Janet Hernández Romero, Paula Romero Salazar, and Brenda Hernández, whose photos were featured at the exhibit.
Janet Hernández Romero, Paula Romero Salazar, and Brenda Hernández, whose photos were featured at the exhibit.

A show in Chelsea featured two local families

Janet Hernández Romero says it can be hard for her to understand her mother sometimes. It’s not typical pre-teen angst that causes a disconnect, though.

“It’s because sometimes I get confused with English and Spanish,” said Janet, 10, who was born in New York City and grew up in Mott Haven. Her mother is from a rural area in central Mexico.

She, her older sister and her mother took part in a recent workshop that offered them a new medium for communicating: photography. “It’s a lot easier talking about something when you can see it,” Janet said.

The family’s photographs, along with those taken by another South Bronx family, were on display at the “Here There, Acá Allá: Photographic Dialogues Between Generations and Cultures” exhibit at the 601Artspace Gallery in Chelsea. The exhibit, which runs through Saturday, Feb. 28, is the culmination of a months-long workshop that used photographs as a way to spark a conversation and bridge the cultural gulf between parents who grew up in rural Mexican areas, and are now raising families in bustling New York City, and their children.

“It seems obvious, but sometimes it’s very difficult to find that time or find a way to express themselves or ask questions,” said Susana Arellano, who ran the workshop along with her husband, Rafael Gamo, at the Mexican American Students Alliance in Mott Haven. By arming each participant with a disposable camera every week for nearly five months, the couple hoped to help local Mexican-American families explore their cultures, identities and languages.

Janet’s mom, Paula Romero Salazar, said that although she’s happy her children have access to a good education and that she can earn more to support her family than in her native Mexico, she misses the sense of open space she had in her native Santa Ana Teloxtoc, Mexico, for both herself and her children. “There I had so much space, and here we have such a small space,” said Romero Salazar, who works as a housecleaner.

Romero Salazar, her husband and four daughters live in one room in a two-bedroom apartment they share with her brother near the Hub. In every one of her photographs, her family is shown outdoors. In one, Janet stares into the sky while lying in the grass at a park. In another, one of her sisters scales a large boulder. And in another, the family stands at the edge of the water on a beach.

Zailie Faith Diaz, 10, said one of her favorite photos at the exhibition was one she took of a large lizard on a leash. She snapped it during a trip to Mexico last summer to visit her father’s family. Zailie said the workshop helped her pay closer attention to the things around her, even when they weren’t as unusual as a big lizard.

“I felt like I was discovering new things that I had never seen ’cause I never really take the time to look at the things surrounding me,” she said.

On that trip to Mexico, Zailie, who lives in Morrisania, also took a photo of her grandfather.

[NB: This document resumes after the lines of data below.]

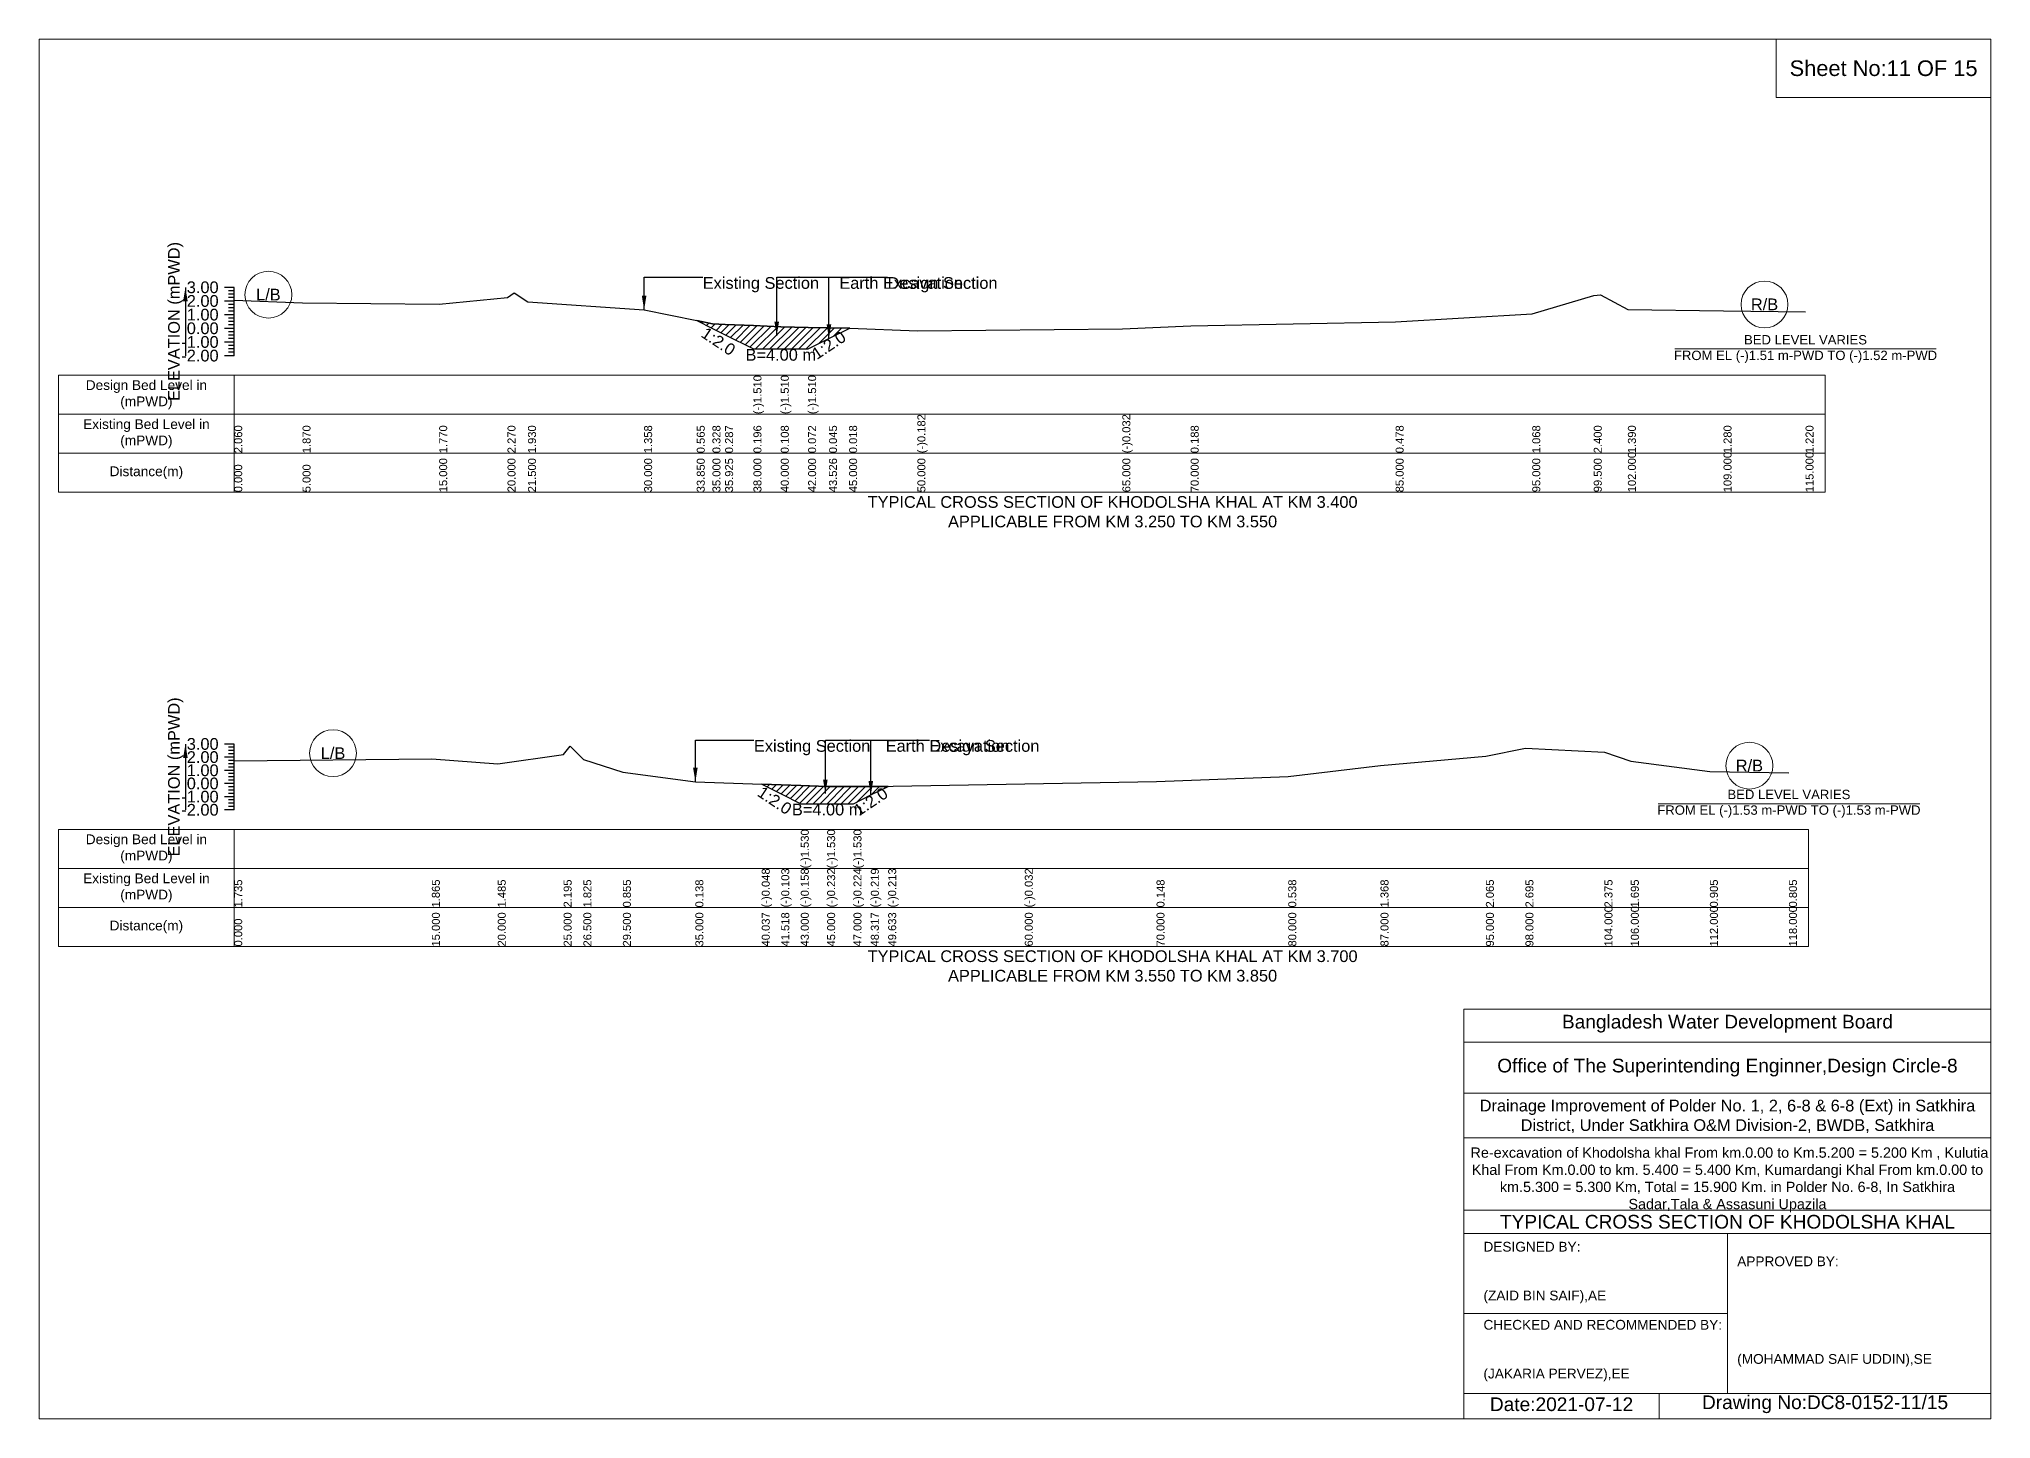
# Model space of a CAD drawing. Header units: inches. Extents: x 91000 to 568000, y -5656 to 0.
# Drawn here: x 200000 to 208000, y -5656 to 0 of the extents above; entities that cross this region are included whole.
import ezdxf

# ---------------------------------------------------------------- set-up
doc = ezdxf.new("R2010")
doc.units = ezdxf.units.IN
doc.header["$LTSCALE"] = 7
doc.header["$MEASUREMENT"] = 0
for name, color, linetype, lineweight in [('Cross section Data Border', 7, 'Continuous', 9), ('Cross Section Labels', 7, 'Continuous', 9), ('Existing_Bed_Level for Xsection', 7, 'Continuous', 25)]:
    doc.layers.add(name, color=color, linetype=linetype, lineweight=lineweight)
doc.styles.get("Standard").update_dxf_attribs({"font": 'arial.ttf'})
doc.dimstyles.get("Standard").update_dxf_attribs({"dimtxt": 0.18, "dimasz": 0.18, "dimexe": 0.18, "dimexo": 0.0625, "dimgap": 0.09, "dimtad": 0, "dimtih": 1, "dimtoh": 1, "dimdec": 4, "dimzin": 0, "dimdsep": 46, "dimtxsty": 'Standard', "dimcen": 0.09, "dimadec": 0, "dimazin": 0, "dimtfac": 1, "dimtdec": 4, "dimtofl": 0, "dimtmove": 0, "dimatfit": 3, "dimfxl": 1, "dimtolj": 1, "dimtzin": 0, "dimarcsym": 0})

msp = doc.modelspace()

# ---------------------------------------------------------------- hatches: boundary and pattern name
at = {"layer": 'Existing_Bed_Level for Xsection'}
h = msp.add_hatch(dxfattribs=at)
h.set_pattern_fill('ANSI31', color=256, scale=168, style=0)
h.paths.add_polyline_path([(202695.6, -1154.2), (202760, -1186.4), (202811.8, -1212.3), (202928, -1270.4), (203040, -1270.4), (203152, -1270.4), (203237.5, -1227.6), (203320, -1186.4), (203322.9, -1184.9), (203320, -1184.8), (203237.5, -1183.3), (203152, -1181.8), (203040, -1179.8), (202928, -1174.8), (202811.8, -1169.7), (202760, -1167.4)])
h = msp.add_hatch(dxfattribs=at)
h.set_pattern_fill('ANSI31', color=256, scale=162, style=0)
h.paths.add_polyline_path([(202962, -3054.1), (203042, -3094.1), (203122, -3134.1), (203230, -3134.1), (203338, -3134.1), (203409.1, -3098.5), (203480.2, -3063), (203409.1, -3063.3), (203338, -3063.6), (203230, -3064), (203122, -3060), (203042, -3057)])

# ---------------------------------------------------------------- linework, layer by layer
at = {"layer": 'Cross section Data Border'}
for points in [[(200080, -1377.8), (207320, -1377.8), (207320, -1857.8), (200080, -1857.8)], [(200080, -3239.5), (207252, -3239.5), (207252, -3719.5), (200080, -3719.5)]]:
    msp.add_lwpolyline(points, close=True, dxfattribs=at)
for points in [[(200800, -1377.8), (200800, -1857.8)], [(200080, -1537.8), (207320, -1537.8)], [(200080, -1697.8), (207320, -1697.8)], [(200800, -3239.5), (200800, -3719.5)], [(200080, -3399.5), (207252, -3399.5)], [(200080, -3559.5), (207252, -3559.5)]]:
    msp.add_lwpolyline(points, dxfattribs=at)
at = {"layer": 'Cross Section Labels'}
for points in [[(200000, 0), (208000, 0), (208000, -5656), (200000, -5656)], [(207120, 0), (208000, 0), (208000, -240), (207120, -240)]]:
    msp.add_lwpolyline(points, close=True, dxfattribs=at)
for points in [[(206704.2, -1270.4), (207775.8, -1270.4)], [(206636.2, -3134.1), (207707.8, -3134.1)], [(205840, -5656), (205840, -3976), (208000, -3976)], [(205840, -4112), (208000, -4112)], [(205840, -4320), (208000, -4320)], [(205840, -4504), (208000, -4504)], [(205840, -4800), (208000, -4800)], [(205840, -4896), (208000, -4896)], [(206920, -4896), (206920, -5552)], [(205840, -5224), (206920, -5224)], [(205840, -5552), (208000, -5552)], [(206640, -5552), (206640, -5656)]]:
    msp.add_lwpolyline(points, dxfattribs=at)
for centre in [(200940, -1047.8), (207072, -1087.8), (201205, -2927.3), (207010, -2978.3)]:
    msp.add_circle(centre, 96, dxfattribs=at)
at = {"layer": 'Existing_Bed_Level for Xsection'}
for points in [[(200800, -1017.8), (200760, -1017.8)], [(200800, -1031.8), (200776, -1031.8)], [(200800, -1297.8), (200800, -1241.8), (200800, -1185.8), (200800, -1129.8), (200800, -1073.8), (200800, -1017.8)], [(200800, -1070.4), (201080, -1081.1), (201640, -1086.7), (201920, -1058.7), (201948, -1039.6), (202004, -1077.7), (202480, -1109.8), (202695.6, -1154.2), (202760, -1167.4), (202811.8, -1169.7), (202928, -1174.8), (202928, -1174.8), (203040, -1179.8), (203040, -1179.8), (203152, -1181.8), (203152, -1181.8), (203237.5, -1183.3), (203320, -1184.8), (203322.9, -1184.9), (203600, -1196), (204440, -1187.6), (204720, -1175.3), (205560, -1159), (206120, -1126), (206372, -1051.4), (206400, -1048.6), (206512, -1108), (206904, -1114.1), (207240, -1117.5)], [(200800, -1073.8), (200760, -1073.8)], [(200800, -1045.8), (200776, -1045.8)], [(200800, -1059.8), (200776, -1059.8)], [(200800, -1087.8), (200776, -1087.8)], [(200800, -1101.8), (200776, -1101.8)], [(200800, -1115.8), (200776, -1115.8)], [(200800, -1129.8), (200760, -1129.8)], [(200800, -1185.8), (200760, -1185.8)], [(200800, -1143.8), (200776, -1143.8)], [(200800, -1157.8), (200776, -1157.8)], [(200800, -1171.8), (200776, -1171.8)], [(200800, -1199.8), (200776, -1199.8)], [(200800, -1241.8), (200760, -1241.8)], [(200800, -1213.8), (200776, -1213.8)], [(200800, -1227.8), (200776, -1227.8)], [(200800, -1255.8), (200776, -1255.8)], [(200800, -1269.8), (200776, -1269.8)], [(200800, -1297.8), (200760, -1297.8)], [(200800, -1283.8), (200776, -1283.8)], [(200800, -2889.5), (200760, -2889.5)], [(200800, -2943.5), (200760, -2943.5)], [(200800, -2903), (200776, -2903)], [(200800, -2916.5), (200776, -2916.5)], [(200800, -2930), (200776, -2930)], [(200800, -2957), (200776, -2957)], [(200800, -3159.5), (200800, -3105.5), (200800, -3051.5), (200800, -2997.5), (200800, -2943.5), (200800, -2889.5)], [(200800, -2957.8), (201610, -2950.8), (201880, -2971.3), (202150, -2932.9), (202177, -2898.9), (202231, -2952.9), (202393, -3005.3), (202690, -3044), (202962, -3054.1), (203042, -3057), (203122, -3060), (203122, -3060), (203230, -3064), (203230, -3064), (203338, -3063.6), (203338, -3063.6), (203409.1, -3063.3), (203480.2, -3063), (203500, -3062.9), (204040, -3053.2), (204580, -3043.5), (205120, -3022.4), (205498, -2977.6), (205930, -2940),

It became her mother’s favorite image.

“It shows the poverty, the humility and a new horizon.”,” said Rosalba Reyes Pérez, 35, who is from central Mexico. Reyes Perez, who sells food and floral arrangements, said she found it important to document the sights that made her sad — like a neighborhood dog with a wounded paw — as well as those that make her happy. One of her photos portrays an elderly woman whose family lives far away. She said she lent the woman a dress and a pair of shoes she had bought for her mother so that the woman would have something nice to wear to a party she invited her to.

Reyes Pérez said the photos help local Mexican-American children and their parents develop a better understanding of one another, while providing a window for others on the lives of immigrants.

“It’s beautiful to be able to share what is here and what is there,” she said. “As immigrants, we don’t just want to live here, we want to share, we want to progress, we want to better our situations.”